Mr. Berlusconi first came to power in 1994, after a huge bribery scandal that brought down the established political order, in which the Christian Democrats, Socialists and Communists for decades presided over a jobs-for-votes system that helped build up the public sector. Since returning to power in 2001, Mr. Berlusconi has largely kept that time-honored system intact, analysts say, but replaced the old political order with the parties in his coalition. For every concession to the Northern League, which backs Mr. Tremonti and is intent on keeping tax revenue local, Mr. Berlusconi also had to throw a bone to the poorer south.

Even after a wave of privatizations in the 1990s, Italy’s economy is still largely connected to the public sector, especially in lucrative areas like infrastructure and health care, and such contracts depend on good connections with the government.

“This system used public spending as compensation, as a tool in the mediation of conflicts between interests,” Mr. Micossi said. “It also crushes market stimulus,” he added. “These state subsidies are the kiss of death, and nothing moves.” They also helped drive up Italy’s public debt, which rose from 109 percent of gross domestic product in 2001 to 120 percent today. (The center-left was in power from 2006 to 2008.)

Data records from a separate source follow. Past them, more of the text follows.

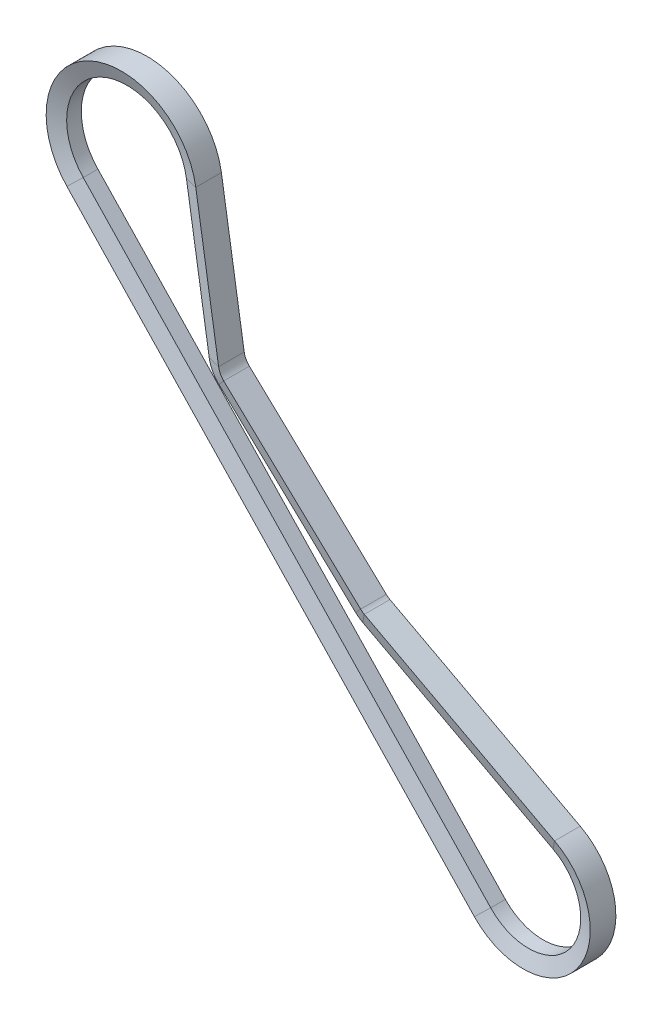
SolidWorks part; units mm, degrees
ref_plane "Front Plane" through (0, 0, 0) normal (0, 0, 1) x (1, 0, 0)
ref_plane "Top Plane" through (0, 0, 0) normal (0, 1, 0) x (1, 0, 0)
ref_plane "Right Plane" through (0, 0, 0) normal (1, 0, 0) x (0, 0, -1)
sketch "Sketch2" plane through (0, 0, 0) normal (0, 0, 1) x (1, 0, 0)
  line L0 (0, 0) -> (1, 0) construction
  line L1 (0, 0) -> (0, 1) construction
  line L12 (-18.1205, -17.2234) -> (-169.6725, 142.2225)
  line L14 (-121.7227, 165.8954) -> (-113.2368, 112.3495)
  line L15 (-111.3239, 108.7257) -> (-60.4198, 60.676)
  line L16 (-59.0409, 59.6863) -> (11.7318, 22.0763)
  arc A4 (-169.6725, 142.2225) -> (-121.7227, 165.8954) centre (-149.3775, 161.5127) cw
  arc A7 (11.7318, 22.0763) -> (-18.1205, -17.2234) centre (0, 0) cw
  arc A8 (-113.2368, 112.3495) -> (-111.3239, 108.7257) centre (-106.9651, 113.3434) ccw
  arc A9 (-60.4198, 60.676) -> (-59.0409, 59.6863) centre (-56.061, 65.2937) ccw
ref_plane "Plane4" through (11.7318, 22.0763, 0) normal (0.8831, -0.4693, 0) x (-0.4693, -0.8831, 0)
sketch "Sketch3" plane through (11.7318, 22.0763, 0) normal (0.8831, -0.4693, 0) x (-0.4693, -0.8831, 0)
  line L0 (0, -4.7625) -> (0, 4.7625)
  line L1 (0, -4.7625) -> (5.588, -2.7286)
  line L2 (5.588, -2.7286) -> (5.588, 2.7286)
  line L3 (5.588, 2.7286) -> (0, 4.7625)
  line L4 (0, 0) -> (5.588, 0) construction
  dimension "D1" = 9.525
  dimension "D2" = 5.588
  dimension "D3" = 40
sweep "Sweep1" add profiles "Sketch3" path "Sketch2"
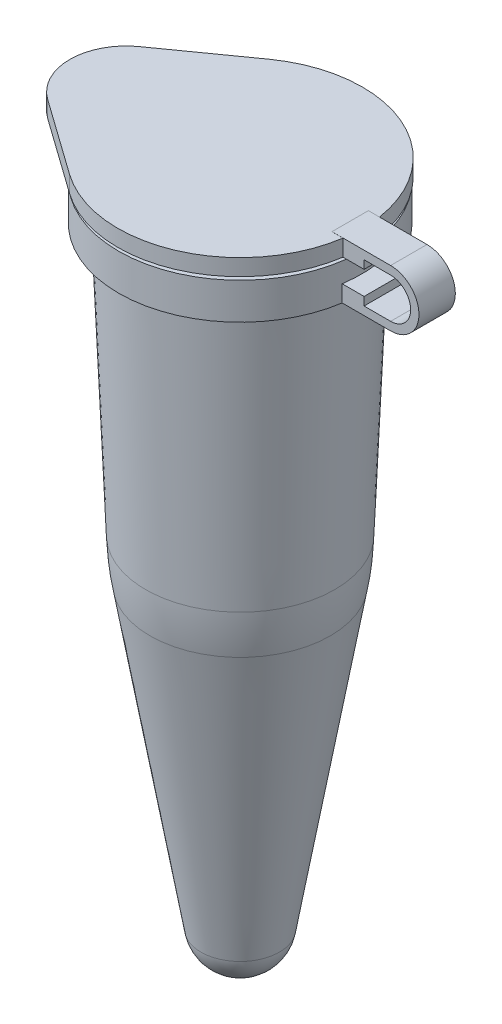
SolidWorks part; units mm, degrees
ref_plane "Front Plane" through (0, 0, 0) normal (0, 0, 1) x (1, 0, 0)
ref_plane "Top Plane" through (0, 0, 0) normal (0, 1, 0) x (1, 0, 0)
ref_plane "Right Plane" through (0, 0, 0) normal (1, 0, 0) x (0, 0, -1)
sketch "Sketch1" plane through (0, 0, 0) normal (0, 1, 0) x (1, 0, 0)
  circle A0 centre (0, 0) radius 3.7338
  circle A1 centre (0, 0) radius 2.6797
  dimension "D1" = 7.4676
  dimension "D2" = 5.3594
extrude "Boss-Extrude1" add sketch "Sketch1" against normal blind 1.1176
sketch "Sketch2" plane through (0, 0, 0) normal (0, 0, 1) x (1, 0, 0)
  line L0 (0, -1.1176) -> (0, -20.9296)
  line L1 (-3.2385, -1.1176) -> (-2.9065, -9.4171)
  line L2 (-3.7338, -1.1176) -> (3.7338, -1.1176) construction
  line L3 (-2.7708, -10.7148) -> (-1.2065, -19.911)
  line L4 (-3.2385, -1.1176) -> (0, -1.1176)
  arc A0 (-1.2065, -19.911) -> (0, -20.9296) centre (0, -19.7058) ccw
  arc A1 (-2.9065, -9.4171) -> (-2.7708, -10.7148) centre (7.2454, -9.0111) ccw
  arc A4 (0, -20.909) -> (1.2062, -19.8923) centre (0, -19.6852) ccw construction
  point P7 (-2.9591, -8.1026)
  point P10 (-2.8479, -10.2616)
  dimension "D5" = 10.16
  dimension "D1" = 3.2385
  dimension "D2" = 6.985
  dimension "D3" = 2.9591
  dimension "D4" = 9.144
  dimension "D8" = 19.812
revolve "Revolve1" add sketch "Sketch2" angle 360 about L0
shell "Shell1" thickness 0.5715 removed face at (-3.2385, -1.1176, 0)
combine bodies "Combine1" operation type add bodies to combine 101 102
sketch "Sketch3" plane through (0, 0, 0) normal (0, 0, 1) x (1, 0, 0)
  line L0 (3.7338, -1.1176) -> (4.3653, -1.1176)
  line L1 (4.3653, -0.8625) -> (4.3653, -0.6074)
  line L2 (4.3653, -0.6074) -> (3.3793, -0.6074)
  line L3 (3.3793, -0.6074) -> (3.3793, -1.1176)
  line L4 (-3.7338, -1.1176) -> (3.7338, -1.1176) construction
  line L5 (3.3793, -1.1176) -> (3.7338, -1.1176)
  line L6 (4.3653, -1.1176) -> (5.18, -1.1176)
  line L8 (5.18, -0.8625) -> (4.3653, -0.8625)
  line L9 (3.3793, 0.1127) -> (4.3653, 0.1127)
  line L10 (4.3653, 0.1127) -> (4.3653, 0.3677)
  line L11 (4.3653, 0.6228) -> (3.3793, 0.6228)
  line L12 (3.3793, 0.6228) -> (3.3793, 0.1127)
  line L13 (4.3653, 0.6228) -> (5.18, 0.6228)
  line L15 (5.18, 0.3677) -> (4.3653, 0.3677)
  arc A0 (5.18, 0.6228) -> (5.18, -1.1176) centre (5.18, -0.2474) cw
  arc A1 (5.18, 0.3677) -> (5.18, -0.8625) centre (5.18, -0.2474) cw
extrude "Boss-Extrude2" add sketch "Sketch3" along normal mid plane 1.1176
sketch "Sketch4" plane through (0, 0.1127, 0) normal (0, -1, 0) x (1, 0, 0)
  circle A0 centre (0, 0) radius 2.615
  circle A1 centre (0, 0) radius 2.107
  dimension "D1" = 0.508
extrude "Boss-Extrude3" add sketch "Sketch4" along normal blind 1.1176 separate body
sketch "Sketch6" plane through (0, 0.1127, 0) normal (0, -1, 0) x (1, 0, 0)
  line L0 (-2.1799, -3.0626) -> (-4.5074, -1.4059)
  line L1 (0, 0) -> (1.7312, 0) construction
  line L2 (-2.1799, 3.0626) -> (-4.5074, 1.4059)
  arc A0 (-2.1799, -3.0626) -> (-2.1799, 3.0626) centre (0, 0) ccw
  arc A1 (-4.5074, 1.4059) -> (-4.5074, -1.4059) centre (-3.5067, 0) ccw
  point P5 (3.7592, 0)
  point P6 (-5.2324, 0)
  dimension "D1" = 7.5184
  dimension "D2" = 8.9916
extrude "Boss-Extrude4" add sketch "Sketch6" against normal blind 0.508
ref_plane "SamplingPlane" through (0, -14.3793, 0) normal (0, 1, 0) x (1, 0, 0)
ref_point "SamplingPoint"
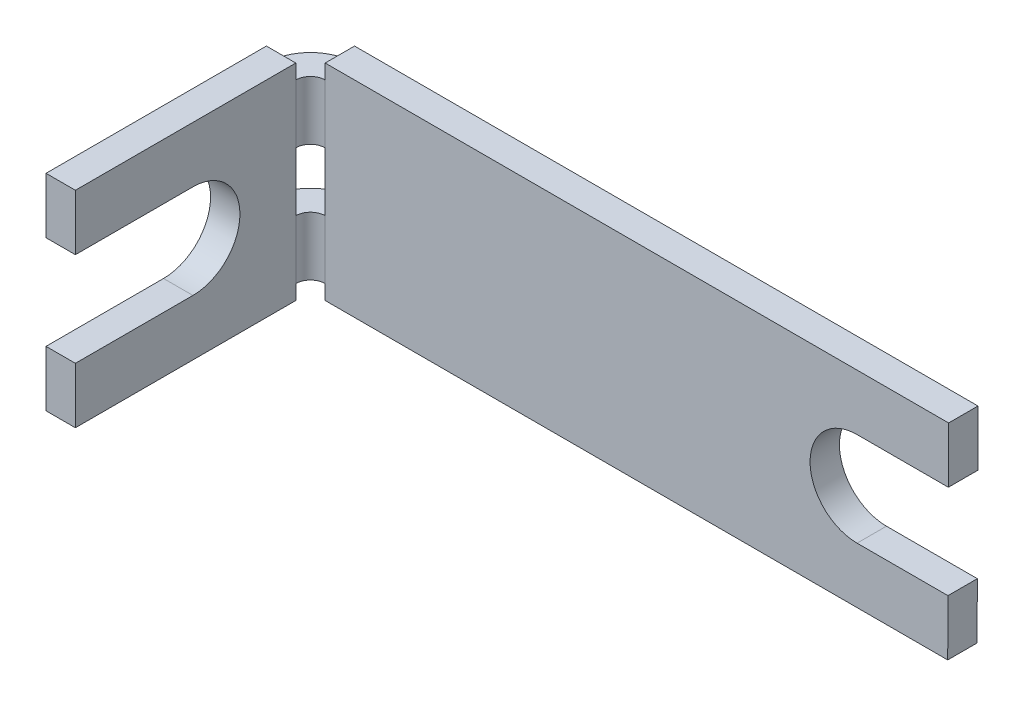
SolidWorks part; units mm, degrees
note: The reader was unsure of these and kept them because the rebuilt part matched: flange length of "Odgięcie krawędzi1".
ref_plane "Płaszczyzna przednia" through (0, 0, 0) normal (0, 0, 1) x (1, 0, 0)
ref_plane "Płaszczyzna górna" through (0, 0, 0) normal (0, 1, 0) x (1, 0, 0)
ref_plane "Płaszczyzna prawa" through (0, 0, 0) normal (1, 0, 0) x (0, 0, -1)
sketch "Szkic1" plane through (0, 0, 0) normal (0, 0, 1) x (1, 0, 0)
  line L0 (-5.8996, 4.5226) -> (-5.8996, -2.4774)
  line L1 (-5.8996, -2.4774) -> (15.785, -2.4774)
  line L2 (15.8075, 2.6226) -> (15.8159, 4.5226)
  line L3 (15.8159, 4.5226) -> (-5.8996, 4.5226)
  line L5 (13.6204, 2.6226) -> (15.8075, 2.6226)
  line L6 (13.6204, -0.5774) -> (15.7934, -0.5774)
  line L7 (13.6204, 1.0226) -> (5.0906, 1.0226) construction
  line L8 (13.6204, 2.6226) -> (12.7004, 2.6226)
  line L9 (13.6204, -0.5774) -> (12.7004, -0.5774)
  line L10 (15.785, -2.4774) -> (15.7934, -0.5774)
  arc A2 (12.7004, 2.6226) -> (12.7004, -0.5774) centre (12.7004, 1.0226) ccw
  dimension "D2" = 7
base flange "Odgięcie bazowe1" sketch "Szkic1" thickness 1 reverse thickness direction no parameters "D1"=0.5
edge flange "Odgięcie krawędzi1" sketch "Szkic4" flange angle 90 flange length 9 flange position material outside bend radius 0.5 thickness 1 relief rectangular parameters "D6"=10
sketch "Szkic4" plane through (-5.8996, 0, 0) normal (-1, 0, 0) x (0, -1, 0)
  line L0 (-4.5226, 0) -> (2.4774, 0) construction
  line L1 (-4.5226, 0) -> (2.4774, 0)
  line L2 (-4.5226, 0) -> (-4.5226, 8)
  line L3 (-4.5226, 8) -> (2.4774, 8)
  line L4 (2.4774, 8) -> (2.4774, 0)
bend "Zgięcie krawędziowe1" bend radius 0.5 bend angle 90 parameters "D5"=1
sketch "Szkic5" plane through (-6.8996, 0, 0) normal (-1, 0, 0) x (0, 0, 1)
  line L0 (8, 1.0226) -> (0.5, 1.0226) construction
  line L1 (8, -2.4774) -> (8, 4.5226) construction
  line L2 (0.5, -2.4774) -> (0.5, 4.5226) construction
  line L3 (4, -0.5774) -> (8, -0.5774)
  line L4 (4, 2.6226) -> (8, 2.6226)
  line L5 (8, 2.6226) -> (8, -0.5774)
  circle A0 centre (8, 1.0226) radius 4 construction
  arc A1 (4, 2.6226) -> (4, -0.5774) centre (4, 1.0226) ccw
extrude "Wytnij-wyciągnięcie1" cut sketch "Szkic5" against normal up to surface (1 mm away) normal cut yes up to face at (-5.8996, 1.0226, 4.25)
sketch "Szkic6" plane through (0, -2.4774, 0) normal (0, -1, 0) x (1, 0, 0)
  line L0 (-5.8996, 0.5) -> (-5.3996, 0)
  line L1 (-5.3996, 0) -> (-5.3996, -1)
  line L2 (-5.3996, -1) -> (-6.8996, -1)
  line L3 (-5.8996, 0.5) -> (-6.8996, 0.5)
  line L4 (-6.8996, 0.5) -> (-6.8996, -1)
sketch "Szkic7" plane through (0, 4.5226, 0) normal (0, 1, 0) x (1, 0, 0)
  line L0 (-6.8996, -0.5) -> (-6.8996, 1)
  line L1 (-5.3996, 1) -> (-6.8996, 1)
  line L2 (-6.8996, -0.5) -> (-5.3996, -0.5)
  line L3 (-5.3996, 1) -> (-5.3996, -0.5)
sketch "Szkic8" plane through (-6.8996, 0, 0) normal (-1, 0, 0) x (0, 0, 1)
  line L1 (-4.1974, 2.0226) -> (-4.1974, 0.0226)
  line L3 (0.5, 2.0226) -> (0.5, 0.0226)
  line L5 (0.5, 2.0226) -> (-4.1974, 2.0226)
  line L6 (0.5, 0.0226) -> (-4.1974, 0.0226)
ref_plane "Płaszczyzna1" through (-5.3996, 0, 0) normal (1, 0, 0) x (0, 0, -1)
extrude "Wytnij-wyciągnięcie2" cut sketch "Szkic8" against normal up to surface (1.5 mm away) normal cut yes up to plane "Płaszczyzna1"
extrude "Wytnij-wyciągnięcie5" cut sketch "Szkic6" against normal blind 0.5 normal cut yes
extrude "Wytnij-wyciągnięcie6" cut sketch "Szkic7" against normal blind 0.5 normal cut yes
sketch "Linie zgięcia1" [suppressed] plane through (0, 0, 0) normal (0, 1, 0) x (1, 0, 0)
sketch "Ramka-graniczna1" [suppressed] plane through (0, 0, 0) normal (0, 1, 0) x (1, 0, 0)
sheet metal parameters "Arkusz blachy1" thickness 1 parameters "D1"=0.7366
flat pattern "Rozłożony model1" [suppressed]
sketch "Linie zgięcia2" plane through (0, 0, 0) normal (0, 1, 0) x (1, 0, 0)
sketch3d "Ramka-graniczna2" [suppressed]
  line L0 (-19.52, -3.5, 0) -> (3.5, -3.5, 0) construction
  line L1 (-19.52, 3.5, 0) -> (3.5, 3.5, 0) construction
  line L2 (-19.52, -3.5, 0) -> (-19.52, 3.5, 0) construction
  line L3 (3.5, -3.5, 0) -> (3.5, 3.5, 0) construction
sheet metal parameters "Arkusz blachy2" thickness 1 parameters "D1"=0.7366
flat pattern "Rozłożony model1"
sketch "Linie zgięcia2" plane through (0, 0, 0) normal (0, 0, 1) x (1, 0, 0)
  line L0 (-6.185, 4.5226) -> (-6.185, -2.4774) construction
  line L1 (-6.185, 4.5226) -> (-6.185, -2.4774) construction
sketch3d "Ramka-graniczna2" [suppressed]
  line L0 (-28.0908, -3.5, 0) -> (3.5, -3.5, 0) construction
  line L1 (-28.0908, 3.5, 0) -> (3.5, 3.5, 0) construction
  line L2 (-28.0908, -3.5, 0) -> (-28.0908, 3.5, 0) construction
  line L3 (3.5, -3.5, 0) -> (3.5, 3.5, 0) construction
bend of the flat pattern "Rozłożone-<Zgięcie krawędziowe1>1"
sheet metal parameters "Arkusz blachy3" thickness 1 parameters "D1"=0.7366
flat pattern "Rozłożony model1"
sketch "Linie zgięcia2" plane through (0, 0, 0) normal (0, 0, 1) x (1, 0, 0)
  line L0 (-6.185, 4.5226) -> (-6.185, -2.4774) construction
  line L1 (-6.185, 4.5226) -> (-6.185, -2.4774) construction
sketch3d "Ramka-graniczna2" [suppressed]
  line L0 (-27.1708, 3.5, 0) -> (3.1155, 3.5, 0) construction
  line L1 (-27.1708, -3.5, 0) -> (3.1155, -3.5, 0) construction
  line L2 (-27.1708, 3.5, 0) -> (-27.1708, -3.5, 0) construction
  line L3 (3.1155, 3.5, 0) -> (3.1155, -3.5, 0) construction
bend of the flat pattern "Rozłożone-<Zgięcie krawędziowe1>1"
sheet metal parameters "Arkusz blachy6" thickness 1 parameters "D1"=0.7366
flat pattern "Rozłożony model1"
sketch "Linie zgięcia2" plane through (0, 0, 0) normal (0, 0, 1) x (1, 0, 0)
  line L0 (-6.185, -0.5774) -> (-6.185, -2.4774) construction
  line L1 (-6.185, -0.5774) -> (-6.185, -2.4774) construction
  line L2 (-6.185, 4.5226) -> (-6.185, 2.6226) construction
sketch3d "Ramka-graniczna2" [suppressed]
  line L0 (-27.1708, 3.5, 0) -> (3.1155, 3.5, 0) construction
  line L1 (-27.1708, -3.5, 0) -> (3.1155, -3.5, 0) construction
  line L2 (-27.1708, 3.5, 0) -> (-27.1708, -3.5, 0) construction
  line L3 (3.1155, 3.5, 0) -> (3.1155, -3.5, 0) construction
bend of the flat pattern "Rozłożone-<Zgięcie krawędziowe1>1"
sheet metal parameters "Arkusz blachy11" thickness 1 parameters "D1"=0.7366
flat pattern "Rozłożony model1"
sketch "Linie zgięcia2" plane through (0, 0, 0) normal (0, 0, 1) x (1, 0, 0)
  line L0 (-6.185, -0.5774) -> (-6.185, -1.9774) construction
  line L1 (-6.185, -0.5774) -> (-6.185, -1.9774) construction
  line L2 (-6.185, 4.5226) -> (-6.185, 2.6226) construction
sketch3d "Ramka-graniczna2" [suppressed]
  line L0 (-27.1708, 3.5, 0) -> (3.1155, 3.5, 0) construction
  line L1 (-27.1708, -3.5, 0) -> (3.1155, -3.5, 0) construction
  line L2 (-27.1708, 3.5, 0) -> (-27.1708, -3.5, 0) construction
  line L3 (3.1155, 3.5, 0) -> (3.1155, -3.5, 0) construction
bend of the flat pattern "Rozłożone-<Zgięcie krawędziowe1>1"
sheet metal parameters "Arkusz blachy12" thickness 1 parameters "D1"=0.7366
flat pattern "Rozłożony model1"
sketch "Linie zgięcia2" plane through (0, 0, 0) normal (0, 0, 1) x (1, 0, 0)
  line L0 (-6.185, 0.0226) -> (-6.185, -1.9774) construction
  line L1 (-6.185, 0.0226) -> (-6.185, -1.9774) construction
  line L2 (-6.185, 4.0226) -> (-6.185, 2.0226) construction
sketch3d "Ramka-graniczna2" [suppressed]
  line L0 (-27.1708, 3.5, 0) -> (3.1155, 3.5, 0) construction
  line L1 (-27.1708, -3.5, 0) -> (3.1155, -3.5, 0) construction
  line L2 (-27.1708, 3.5, 0) -> (-27.1708, -3.5, 0) construction
  line L3 (3.1155, 3.5, 0) -> (3.1155, -3.5, 0) construction
bend of the flat pattern "Rozłożone-<Zgięcie krawędziowe1>1"

“Berlusconi’s majority reflects an Italian electorate that has not internalized” free-market principles, said Carlo Secchi, an economics professor and a former president of Bocconi University in Milan. “So you can do certain things to move in this correct direction only if there’s a big threat that comes from outside.”

This week, the Italian news media reported on a letter from the president of the European Central Bank, Jean-Claude Trichet, and the governor of the Bank of Italy, Mario Draghi, to the Berlusconi government, recommending that Italy undertake significant structural changes, including liberalizing state industry and making the labor market more flexible.

According to news reports, the proposals the government is discussing include raising the retirement age for women to 65 immediately, rather than gradually, cutting aid to local governments and increasing property taxes on second homes. In 2008, Mr. Berlusconi won re-election with a campaign that promised to remove property taxes on first homes — and did. Reversing that would help state coffers, but would be a significant political defeat.

Few Italians have confidence in Mr. Berlusconi’s ability to deliver. As Rocco Paradiso waited in line at a post office in downtown Rome, he said he did not have high hopes. “For the past three years the Berlusconi government hasn’t done anything,” Mr. Paradiso said, adding, “Not that previous governments did much more.”